她的異能力能夠保護她不受外界襲擊,卻不能消除她的身體長期過度勞累的疲乏狀態,她已經不知道多久沒有好好睡過一覺了。
糟了……
在快要倒下的時候,月野雪奈卻迷迷糊糊的看到了一個駝色的身影,很像織田作平時經常穿的外套顏色。
穿著駝色長外套的人,伸手接住了她倒下的身軀,將她半擁在了懷裡。
在快要昏過去之前,月野雪奈看到了接住她的人,手上綁著熟悉的白色繃帶。
……繃帶?!
她瞬間驚醒,掙紮著從對方懷裡抬起了頭來,“……太宰?!”
蓬鬆微卷的黑色短發,白皙俊美的麵容,隻是那雙鳶色的眼眸再也沒有了繃帶的束縛,曾經標誌性的黑色西裝套裝和黑色大衣也已經褪去,取而代之的是和駝色長風衣。
月野雪奈的心猛地跳動了一下。
“是我。”太宰治垂下眼眸,按在她肩膀上的手用上了力。
“不要再找我了,雪奈…沒有必要。”
沒有…必要?
已經很久沒有聽到他的聲音了,月野雪奈眨了眨眼睛,紫水晶般的瞳孔裡覆上了一層朦朧的霧氣,委屈的情緒再次浮上心頭。
她泫然欲泣地問道:“太宰,你為什麼不肯見我?還有芥川也是,誰都找不到你。”
“我、我……很擔心你。”
她甚至都不想去問他為什麼要叛逃了,叛逃就叛逃了吧,反正她對港口mafia也沒什麼深厚的感情。她和芥川一樣,在意的從來都隻是太宰的不告而彆和刻意的躲避而已。
太宰治的目光和語氣都很輕淡,仿佛在陳述一件無所謂的事情,“我已經離開港.黑了,想要和過去切斷聯係,這不難理解吧。”
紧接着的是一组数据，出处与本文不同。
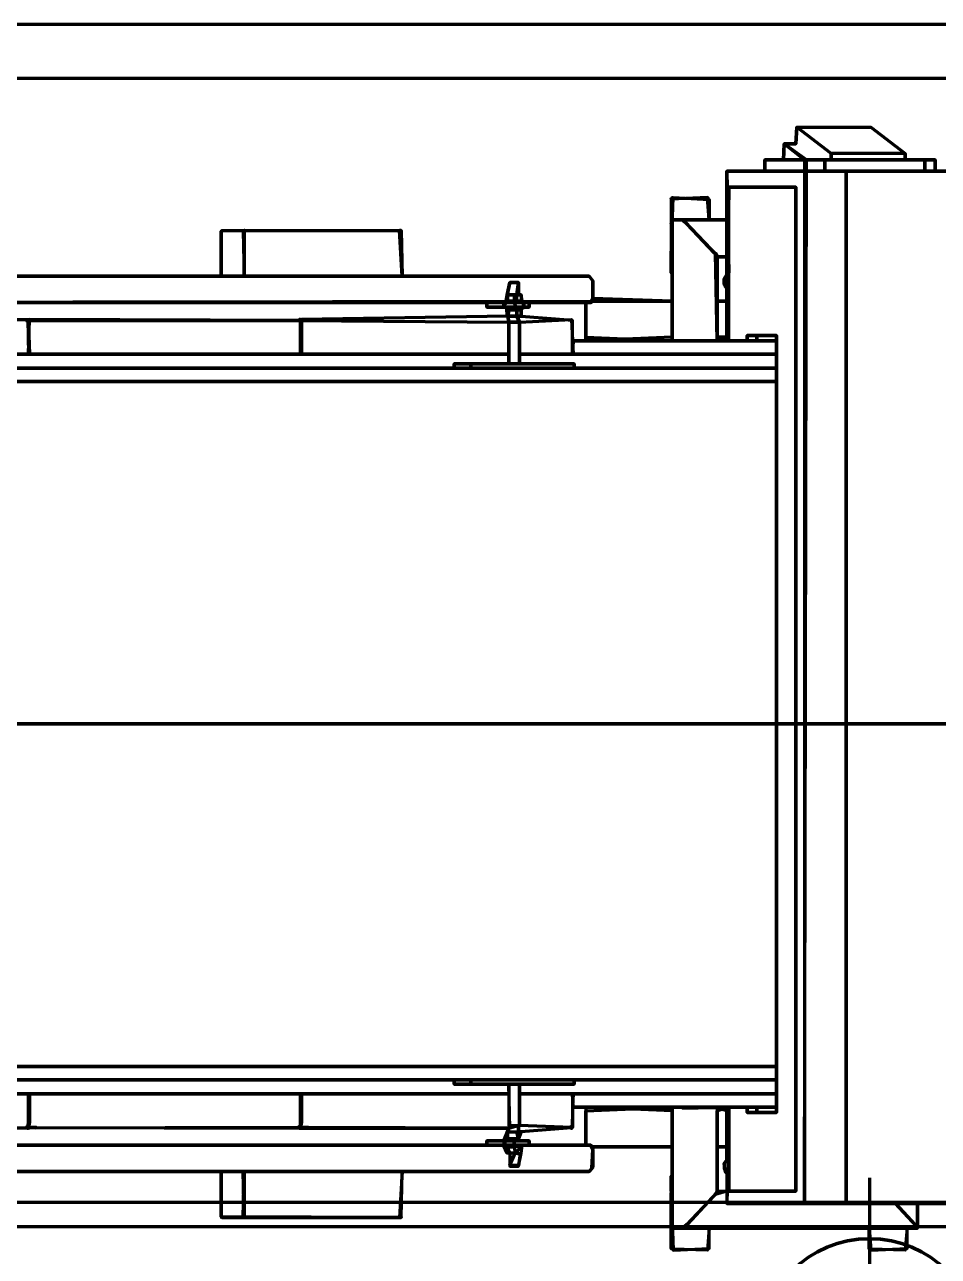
# Model space of a CAD drawing. Extents: x 0 to 1153, y 0 to 816.
# Drawn here: x 554.5 to 565.45, y 542.26 to 557.02 of the extents above; entities that cross this region are included whole.
import ezdxf

# ---------------------------------------------------------------- set-up
doc = ezdxf.new("R2010")
doc.units = 0
doc.header["$MEASUREMENT"] = 0
doc.layers.add('EQUIPMENTS', color=7, linetype='Continuous')
doc.layers.add('HVAC', color=7, linetype='Continuous')

msp = doc.modelspace()

# ---------------------------------------------------------------- linework, layer by layer
at = {"layer": 'EQUIPMENTS', "color": 251, "linetype": 'Continuous', "lineweight": 211}
for p, q in [((645.329, 557.022), (113.961, 557.022)), ((645.329, 556.376), (113.961, 556.376)), ((562.25, 554.048), (562.261, 554.048)), ((560.451, 553.784), (560.43, 553.784)), ((560.282, 553.529), (560.292, 553.529)), ((557.805, 553.413), (557.816, 553.413)), ((562.388, 544.036), (562.388, 544.047)), ((560.282, 543.75), (560.292, 543.75))]:
    msp.add_line(p, q, dxfattribs=at)
for points in [[(564.166, 555.477), (563.753, 555.794), (563.742, 555.593), (563.605, 555.593), (563.848, 555.403), (563.848, 542.893), (563.869, 555.403), (563.605, 555.593), (563.742, 555.593), (563.753, 555.794), (564.642, 555.794), (565.055, 555.477), (564.166, 555.477), (563.753, 555.794), (564.642, 555.794), (565.055, 555.477), (565.055, 555.403), (565.055, 555.477), (564.166, 555.477), (564.166, 555.403)], [(565.415, 555.403), (563.372, 555.403), (563.372, 555.265), (563.372, 555.403), (565.415, 555.403), (565.415, 555.265)], [(562.938, 553.233), (562.938, 555.075), (563.742, 555.075), (563.742, 543.041), (562.938, 543.041), (562.917, 544.036), (562.388, 544.047), (562.42, 544.047), (562.388, 544.036), (562.938, 544.047), (562.938, 543.041), (563.742, 543.041), (563.742, 555.075), (562.938, 555.075), (562.917, 553.233), (562.917, 553.858), (562.917, 553.275), (562.801, 553.275), (562.917, 553.233), (562.388, 553.233)], [(562.25, 554.932), (562.262, 554.947), (562.265, 554.948), (562.25, 554.932), (562.253, 554.941), (562.262, 554.947), (562.265, 554.948), (562.25, 554.927), (562.25, 554.249), (562.271, 554.948), (562.705, 554.927), (562.705, 554.683), (562.684, 554.948)], [(562.679, 554.948), (562.694, 554.936), (562.695, 554.933), (562.679, 554.948), (562.688, 554.945), (562.695, 554.932)], [(562.261, 553.233), (562.261, 554.048), (562.261, 553.233), (562.261, 554.683), (562.917, 554.683), (562.261, 554.683), (562.261, 553.275), (561.224, 553.233), (561.224, 553.688), (561.224, 553.275)], [(562.261, 554.683), (562.25, 554.635), (562.261, 554.666), (562.261, 554.683), (562.25, 554.635), (562.262, 554.667)], [(562.801, 554.239), (562.779, 554.27), (562.779, 554.281), (562.801, 554.249), (562.779, 554.27), (562.801, 554.239), (562.801, 554.249), (562.779, 554.27), (562.779, 554.281), (562.769, 554.281), (562.441, 554.63), (562.43, 554.641), (562.43, 554.651), (562.42, 554.651), (562.409, 554.662), (562.398, 554.662), (562.398, 554.673), (562.388, 554.673), (562.388, 554.683), (562.367, 554.683), (562.388, 554.683), (562.388, 554.673), (562.398, 554.673), (562.398, 554.662), (562.409, 554.662), (562.441, 554.63), (562.43, 554.641), (562.43, 554.651), (562.42, 554.651), (562.409, 554.662), (562.398, 554.662), (562.398, 554.673), (562.388, 554.673), (562.388, 554.683), (562.367, 554.683), (562.388, 554.683), (562.388, 554.673), (562.398, 554.673), (562.398, 554.662), (562.409, 554.662), (562.801, 554.249), (562.801, 553.233), (562.779, 554.281)], [(556.853, 554.545), (556.853, 554.545), (556.853, 554.006), (556.853, 554.545), (556.863, 554.545), (556.863, 554.556), (559.012, 554.556), (558.99, 554.556), (559.012, 554.556), (559.012, 554.545), (559.012, 554.556), (559.022, 554.006), (558.99, 554.556)], [(557.128, 554.006), (557.128, 554.556), (557.138, 554.556), (557.128, 554.556), (557.117, 554.545), (557.128, 554.006), (557.128, 554.556), (557.138, 554.556), (557.128, 554.556), (557.117, 554.545), (557.128, 554.006), (557.128, 554.545)], [(559.012, 554.556), (559.012, 554.556), (559.012, 554.545), (559.012, 554.556), (559.022, 554.006)], [(562.25, 554.239), (562.25, 554.283), (562.25, 554.284), (562.261, 554.239), (562.253, 554.246), (562.25, 554.253), (562.261, 554.048), (562.25, 554.048), (562.25, 554.239), (562.262, 554.254), (562.25, 554.283), (562.25, 554.284), (562.261, 554.239), (562.25, 554.254)], [(560.546, 553.635), (560.038, 553.635), (560.038, 553.688), (560.038, 553.635), (560.546, 553.635), (560.546, 553.688)], [(554.535, 553.487), (554.535, 553.466), (554.524, 553.466), (554.546, 553.477)], [(554.62, 553.487), (554.63, 553.477), (554.63, 553.477)], [(557.805, 553.275), (557.816, 553.233), (557.805, 553.275), (557.805, 553.233)], [(563.16, 553.297), (563.51, 553.297), (563.51, 543.983), (563.16, 543.983), (563.16, 544.047), (563.16, 543.983), (563.51, 543.983), (563.51, 553.297), (563.16, 553.297), (563.16, 553.233)], [(548.502, 552.905), (548.502, 552.958), (549.931, 552.958), (549.931, 552.905), (549.931, 552.958), (548.502, 552.958), (548.492, 552.905), (548.492, 552.746), (563.51, 552.746), (548.492, 552.746), (548.492, 552.905), (563.51, 552.905)], [(561.086, 552.958), (559.647, 552.958), (559.647, 552.905), (559.647, 552.958), (561.086, 552.958), (561.086, 552.905)], [(548.502, 544.322), (549.931, 544.322), (549.931, 544.375), (549.931, 544.322), (548.502, 544.322), (548.492, 544.375), (563.51, 544.375), (548.492, 544.375), (548.492, 544.534), (563.51, 544.534), (548.492, 544.534), (548.502, 544.375)], [(559.647, 544.322), (561.086, 544.322), (561.086, 544.375), (561.086, 544.322), (559.647, 544.322), (559.647, 544.375)], [(561.075, 544.047), (561.065, 544.206), (561.065, 543.803), (561.075, 544.206), (561.065, 544.047), (563.51, 544.047)], [(557.816, 544.047), (557.805, 544.004), (557.816, 544.047), (557.816, 544.004)], [(562.262, 542.613), (562.25, 542.643), (562.262, 542.613), (562.25, 542.641), (562.25, 542.643), (562.261, 542.597), (562.261, 544.047), (562.261, 543.221), (562.261, 544.004), (561.224, 544.047), (561.224, 543.592), (561.224, 544.004), (562.261, 544.047), (562.261, 542.597), (565.203, 542.597), (565.203, 542.893), (565.203, 542.597)], [(562.779, 542.999), (562.79, 543.01), (562.79, 543.02), (562.801, 543.031), (562.801, 543.041), (562.801, 543.02), (562.79, 543.02), (562.779, 543.01), (562.779, 542.999), (562.779, 543.01), (562.79, 543.01), (562.79, 543.02), (562.801, 543.031), (562.801, 543.041), (562.801, 543.02), (562.79, 543.02), (562.441, 542.639), (562.43, 542.639), (562.43, 542.629), (562.42, 542.629), (562.388, 542.597), (562.367, 542.597), (562.388, 542.597), (562.388, 542.607), (562.398, 542.607), (562.42, 542.629), (562.43, 542.629), (562.441, 542.639), (562.43, 542.639), (562.43, 542.629), (562.42, 542.629), (562.388, 542.597), (562.367, 542.597), (562.388, 542.597), (562.388, 542.607), (562.398, 542.607), (562.42, 542.629), (562.43, 542.629), (562.769, 542.988), (562.801, 543.041), (562.801, 544.004), (562.917, 544.047), (562.917, 543.422), (562.917, 544.004), (562.801, 544.036), (562.801, 543.041), (562.917, 543.041)], [(554.535, 543.803), (554.524, 543.814), (554.546, 543.803)], [(554.62, 543.793), (554.63, 543.803), (554.641, 543.803), (554.63, 543.803)], [(557.805, 543.803), (557.795, 543.814), (557.784, 543.814), (557.795, 543.814), (557.816, 543.793)], [(557.879, 543.793), (557.89, 543.803), (557.9, 543.803), (557.89, 543.803)], [(561.054, 543.803), (561.044, 543.814), (561.054, 543.814), (561.054, 543.793), (561.054, 543.793)], [(560.546, 543.645), (560.038, 543.645), (560.038, 543.592), (560.038, 543.645), (560.546, 543.645), (560.546, 543.592)], [(560.292, 543.571), (560.282, 543.571), (560.303, 543.571)], [(560.419, 543.486), (560.409, 543.496), (560.44, 543.486), (560.451, 543.496), (560.43, 543.486)], [(561.266, 543.274), (561.277, 543.285), (561.287, 543.295), (561.298, 543.317)], [(558.99, 542.724), (559.012, 542.734), (559.012, 542.724), (559.022, 543.274), (558.99, 542.724), (559.012, 542.724), (556.853, 542.734), (556.853, 543.274), (556.853, 542.734), (556.863, 542.734), (556.863, 542.724), (559.012, 542.724), (559.012, 542.734), (559.012, 542.724), (559.022, 543.274)], [(557.128, 542.734), (557.128, 543.274), (557.128, 542.724), (557.138, 542.724), (557.117, 542.724), (557.128, 543.274), (557.128, 542.724), (557.138, 542.724), (557.128, 542.724), (557.117, 543.274)], [(562.261, 543.041), (562.261, 543.024), (562.25, 543.026), (562.254, 543.036), (562.26, 543.04), (562.261, 543.041), (562.25, 543.041), (562.25, 543.221), (562.25, 543.221), (562.25, 542.994), (562.261, 543.024), (562.25, 543.026), (562.261, 543.041)], [(562.266, 542.343), (562.251, 542.354), (562.25, 542.358), (562.266, 542.343), (562.257, 542.346), (562.251, 542.354), (562.25, 542.358), (562.25, 542.353), (562.25, 543.02), (562.271, 542.332), (562.705, 542.353), (562.705, 542.597), (562.684, 542.332)], [(565.171, 542.639), (565.192, 542.607), (565.203, 542.607), (565.203, 542.597), (565.203, 542.607), (565.192, 542.607), (565.192, 542.618), (564.938, 542.893), (565.171, 542.639), (565.192, 542.618), (565.192, 542.607), (565.203, 542.607), (565.203, 542.597), (565.203, 542.607), (565.171, 542.639)], [(564.637, 542.343), (564.621, 542.355), (564.621, 542.358), (564.637, 542.343), (564.627, 542.346), (564.621, 542.355), (564.621, 542.358), (564.621, 542.353), (564.621, 542.597), (564.642, 542.332), (565.076, 542.353), (565.076, 542.597), (565.055, 542.332)], [(562.695, 542.359), (562.684, 542.344), (562.68, 542.343), (562.695, 542.359), (562.692, 542.349), (562.679, 542.343)], [(565.065, 542.359), (565.054, 542.344), (565.051, 542.343), (565.065, 542.359), (565.062, 542.349), (565.049, 542.343)]]:
    msp.add_lwpolyline(points, close=True, dxfattribs=at)
for points in [[(563.594, 555.403), (563.605, 555.593), (563.594, 555.403)], [(565.753, 555.265), (562.917, 555.265), (562.938, 554.048), (562.885, 553.974), (562.896, 553.889), (562.938, 553.836), (562.896, 553.889), (562.896, 553.9), (562.885, 553.911), (562.885, 553.974), (562.896, 553.985), (562.896, 553.995), (562.917, 554.027), (562.917, 555.265), (565.753, 555.265)], [(564.092, 555.265), (564.092, 555.403), (564.092, 555.265)], [(564.346, 542.893), (564.346, 555.265), (564.346, 542.893)], [(565.288, 555.403), (565.288, 555.265), (565.288, 555.403)], [(562.917, 554.239), (562.801, 554.239), (562.917, 554.239)], [(562.261, 554.133), (562.25, 554.133), (562.261, 554.133)], [(546.28, 554.006), (561.266, 554.006), (561.308, 553.953), (561.266, 554.006), (561.308, 553.953), (561.308, 553.741), (561.287, 553.688), (561.308, 553.741), (561.287, 553.688), (545.74, 553.688)], [(545.74, 553.688), (561.298, 553.709), (562.261, 553.709), (561.308, 553.741), (561.308, 553.953), (561.266, 554.006), (546.28, 554.006)], [(562.885, 553.974), (562.896, 553.995), (562.896, 553.985)], [(560.43, 553.455), (560.303, 553.455), (560.303, 552.958), (560.303, 553.455), (560.43, 553.455), (560.43, 552.958), (560.43, 553.455), (561.054, 553.487), (561.075, 553.074), (561.065, 553.233), (563.51, 553.233), (561.075, 553.233), (561.065, 553.074), (561.065, 553.477), (560.398, 553.529), (560.398, 553.604), (560.451, 553.604), (560.303, 553.604), (560.398, 553.604), (560.493, 553.635), (560.462, 553.709), (560.451, 553.784), (560.282, 553.784), (560.313, 553.932), (560.419, 553.932), (560.313, 553.932), (560.419, 553.932), (560.419, 553.784), (560.366, 553.784), (560.366, 553.688), (560.398, 553.604), (560.366, 553.709), (560.462, 553.709), (560.239, 553.688), (560.239, 553.635), (560.282, 553.709), (560.292, 553.784), (560.282, 553.709), (560.366, 553.709), (560.43, 553.709), (560.493, 553.688), (560.451, 553.604), (560.451, 553.529), (560.292, 553.529), (560.303, 553.455), (560.292, 553.529), (560.303, 553.604), (560.292, 553.529), (560.303, 553.455), (560.43, 553.455), (560.398, 553.529), (560.43, 553.455), (560.303, 553.455), (560.292, 553.529), (557.816, 553.487), (557.805, 553.074), (557.805, 553.477), (554.556, 553.487), (553.815, 553.455)], [(560.398, 553.709), (560.398, 553.784), (560.451, 553.784), (560.451, 553.709), (560.271, 553.709), (560.282, 553.784), (560.398, 553.784), (560.419, 553.932), (560.313, 553.932), (560.282, 553.784), (560.271, 553.709), (560.292, 553.709)], [(562.896, 553.889), (562.885, 553.911), (562.896, 553.9)], [(562.917, 553.709), (562.801, 553.709), (562.917, 553.709)], [(553.805, 553.487), (554.535, 553.487), (554.546, 553.074), (554.556, 553.487), (554.62, 553.477), (554.546, 553.477), (554.546, 553.413), (554.556, 553.074), (554.546, 553.413), (554.535, 553.477), (557.805, 553.477), (557.816, 553.413), (557.816, 553.074), (557.805, 553.413), (557.805, 553.477), (557.89, 553.477), (557.795, 553.477), (560.303, 553.455), (560.282, 553.614), (560.462, 553.614), (560.398, 553.604), (560.324, 553.614), (560.271, 553.635), (560.282, 553.529), (560.451, 553.529), (560.451, 553.604), (560.398, 553.604), (560.398, 553.529)], [(557.879, 553.477), (557.879, 553.477), (557.879, 553.477)], [(563.277, 553.297), (563.277, 553.233), (563.277, 553.297)], [(560.303, 553.074), (553.815, 553.074), (560.303, 553.074)], [(563.51, 553.074), (560.43, 553.074), (563.51, 553.074)], [(559.848, 552.958), (559.848, 552.905), (559.848, 552.958)], [(509.196, 548.64), (648.705, 548.64), (509.196, 548.64)], [(559.848, 544.322), (559.848, 544.375), (559.848, 544.322)], [(560.419, 543.666), (560.398, 543.75), (560.451, 543.75), (560.419, 543.666), (560.271, 543.666), (560.282, 543.75), (560.451, 543.75), (560.398, 543.75), (560.419, 543.666), (560.335, 543.666), (560.271, 543.666), (560.419, 543.666), (560.451, 543.75), (560.398, 543.75), (561.054, 543.803), (560.43, 543.825), (560.313, 543.793), (557.805, 543.803), (557.879, 543.803), (557.805, 543.803), (557.805, 543.867), (557.816, 544.206), (557.816, 543.867), (557.805, 543.803), (557.805, 544.206), (557.805, 543.803), (554.556, 543.793), (553.805, 543.793)], [(553.815, 543.825), (554.535, 543.793), (554.546, 543.867), (554.556, 544.206), (554.556, 543.867), (554.546, 543.803), (554.63, 543.803), (554.546, 543.803), (554.546, 544.206), (554.546, 543.803), (557.795, 543.793), (560.313, 543.793), (560.303, 544.322), (560.303, 543.825), (560.43, 543.825), (560.43, 544.322), (560.43, 543.825)], [(560.303, 544.206), (553.815, 544.206), (560.303, 544.206)], [(563.51, 544.206), (560.43, 544.206), (563.51, 544.206)], [(563.277, 544.047), (563.277, 543.983), (563.277, 544.047)], [(560.366, 543.571), (560.377, 543.496), (560.44, 543.486), (560.303, 543.496), (560.271, 543.571), (560.366, 543.571), (560.271, 543.571), (560.462, 543.592), (560.377, 543.496), (560.44, 543.486), (560.419, 543.348), (560.313, 543.338), (560.419, 543.348), (560.313, 543.348), (560.377, 543.496), (560.324, 543.496), (560.271, 543.571), (560.462, 543.592), (560.366, 543.571), (560.377, 543.496), (560.44, 543.486), (560.282, 543.496), (560.239, 543.592), (560.261, 543.645), (560.292, 543.75), (560.313, 543.825), (560.282, 543.75), (560.261, 543.645), (560.292, 543.75), (560.313, 543.814), (560.419, 543.825), (560.419, 543.75), (560.419, 543.814), (560.313, 543.825), (560.282, 543.75), (560.239, 543.645), (560.282, 543.571), (560.313, 543.486), (560.313, 543.338), (560.419, 543.338), (560.451, 543.496), (560.462, 543.592), (560.366, 543.571), (560.366, 543.645), (560.366, 543.571), (560.462, 543.592)], [(560.292, 543.666), (560.292, 543.75), (560.451, 543.75)], [(545.74, 543.592), (561.287, 543.592), (561.308, 543.539), (561.308, 543.327), (561.266, 543.274), (546.301, 543.274)], [(546.28, 543.274), (561.266, 543.274), (561.298, 543.317), (561.308, 543.539), (561.287, 543.592), (545.74, 543.592)], [(560.335, 543.486), (560.282, 543.496)], [(561.308, 543.539), (561.298, 543.581), (561.298, 543.549)], [(562.261, 543.571), (561.298, 543.571), (562.261, 543.571)], [(562.917, 543.571), (562.801, 543.571), (562.917, 543.571)], [(565.753, 542.893), (562.917, 542.893), (562.938, 543.232), (562.896, 543.274), (562.885, 543.37), (562.928, 543.433), (562.928, 543.433), (562.885, 543.37), (562.928, 543.433), (562.928, 543.433), (562.885, 543.37), (562.885, 543.306), (562.917, 543.253), (562.917, 542.893), (565.753, 542.893)], [(562.896, 543.274), (562.896, 543.274), (562.896, 543.274)], [(562.261, 543.147), (562.25, 543.147), (562.261, 543.147)], [(556.853, 542.734), (556.863, 542.724), (556.863, 542.734)]]:
    msp.add_lwpolyline(points, dxfattribs=at)
for p in [(562.261, 554.683), (562.261, 554.683), (554.62, 553.477), (554.62, 553.477), (554.62, 553.477), (554.62, 553.477), (557.795, 553.487), (557.795, 553.487), (557.879, 553.477), (557.879, 553.477), (557.879, 553.477), (557.879, 553.477), (562.42, 553.233), (562.42, 553.233), (554.535, 543.793), (554.535, 543.793), (554.62, 543.803), (554.62, 543.803), (554.62, 543.803), (554.62, 543.803), (554.63, 543.803), (554.63, 543.803), (557.795, 543.793), (557.795, 543.793), (557.879, 543.803), (557.879, 543.803), (557.879, 543.803), (557.879, 543.803), (561.054, 543.793), (561.054, 543.793)]:
    msp.add_point(p, dxfattribs=at)
at = {"layer": 'HVAC', "color": 6, "linetype": 'Continuous', "lineweight": 211}
msp.add_line((564.631, 539.126), (564.631, 543.2), dxfattribs=at)
for points in [[(651.087, 454.914), (651.118, 517.874), (651.118, 521.049), (664.189, 521.081), (667.353, 521.081), (667.353, 539.538), (664.157, 539.581), (664.157, 542.745), (663.416, 542.745), (662.273, 542.745), (661.416, 542.745), (660.273, 542.745), (576.231, 542.745), (576.231, 539.581), (572.357, 539.411), (572.357, 542.904), (542.301, 542.904), (542.301, 539.411), (538.417, 539.253), (486.516, 539.253)], [(486.516, 542.777), (538.417, 542.777), (542.301, 542.618), (572.357, 542.618), (576.231, 542.449), (660.273, 542.449), (660.273, 539.866), (576.231, 539.866), (572.357, 539.708), (542.301, 539.708), (538.417, 539.538), (486.516, 539.538)]]:
    msp.add_lwpolyline(points, dxfattribs=at)
msp.add_lwpolyline([(564.626, 542.47, -0.414213), (565.933, 541.163, -0.414219), (564.626, 539.856, -0.414213), (563.319, 541.163, -0.414206), (564.626, 542.47, 0.414206), (563.319, 541.163, 0.414213), (564.626, 539.856, 0.414219), (565.933, 541.163, 0.414213), (564.626, 542.47, -0.414213), (565.933, 541.163, -0.414219), (564.626, 539.856, -0.414213), (563.319, 541.163, -0.414206), (564.626, 542.47, 0.414206), (563.319, 541.163, 0.414213), (564.626, 539.856, 0.414219), (565.933, 541.163, 0.414213)], format="xyb", close=True, dxfattribs=at)

doc.saveas('drawing.dxf')

“不要再找我了,這隻會給我帶來不必要的困擾,徒增煩惱。”
月野雪奈緩緩睜大了眼睛。
“那…你和織田作會保持聯係嗎?”
“會,織田作是我的朋友,而且他也不在港.黑了。”
聞言,月野雪奈愣了一下後,她深深吸了一口氣,鼓起勇氣重新問道:“那你離開港.黑之後要去哪裡?太宰,我想和你一起去,可以嗎?”
“……”
太宰治鬆開了按著她肩膀的手,緩緩啟唇:“不可以。”
——不可以。
和當初她在摩天輪向他告白的時候,一模一樣的回答。
月野雪奈聽到了有什麼輕輕碎掉的聲音,她的臉色逐漸發白。
一而再再而三的被拒絕,即使是她,在這一刻也感覺到了前所未有的疲倦。
“…為什麼?”她問道。
太宰治沉默著沒有回話。
已經對她厭煩到這個地步了嗎?
到底為什麼?好不甘心啊。
“你就這麼…討厭我嗎?太宰……”她的聲音很輕很輕,像是快要消失不見。
長時間的缺乏睡眠,低血糖,過度疲乏,也沒有了他扶著肩膀的支撐,多種debuff交雜在一起,月野雪奈睫毛顫動了一下,終於閉上了眼睛向後倒去。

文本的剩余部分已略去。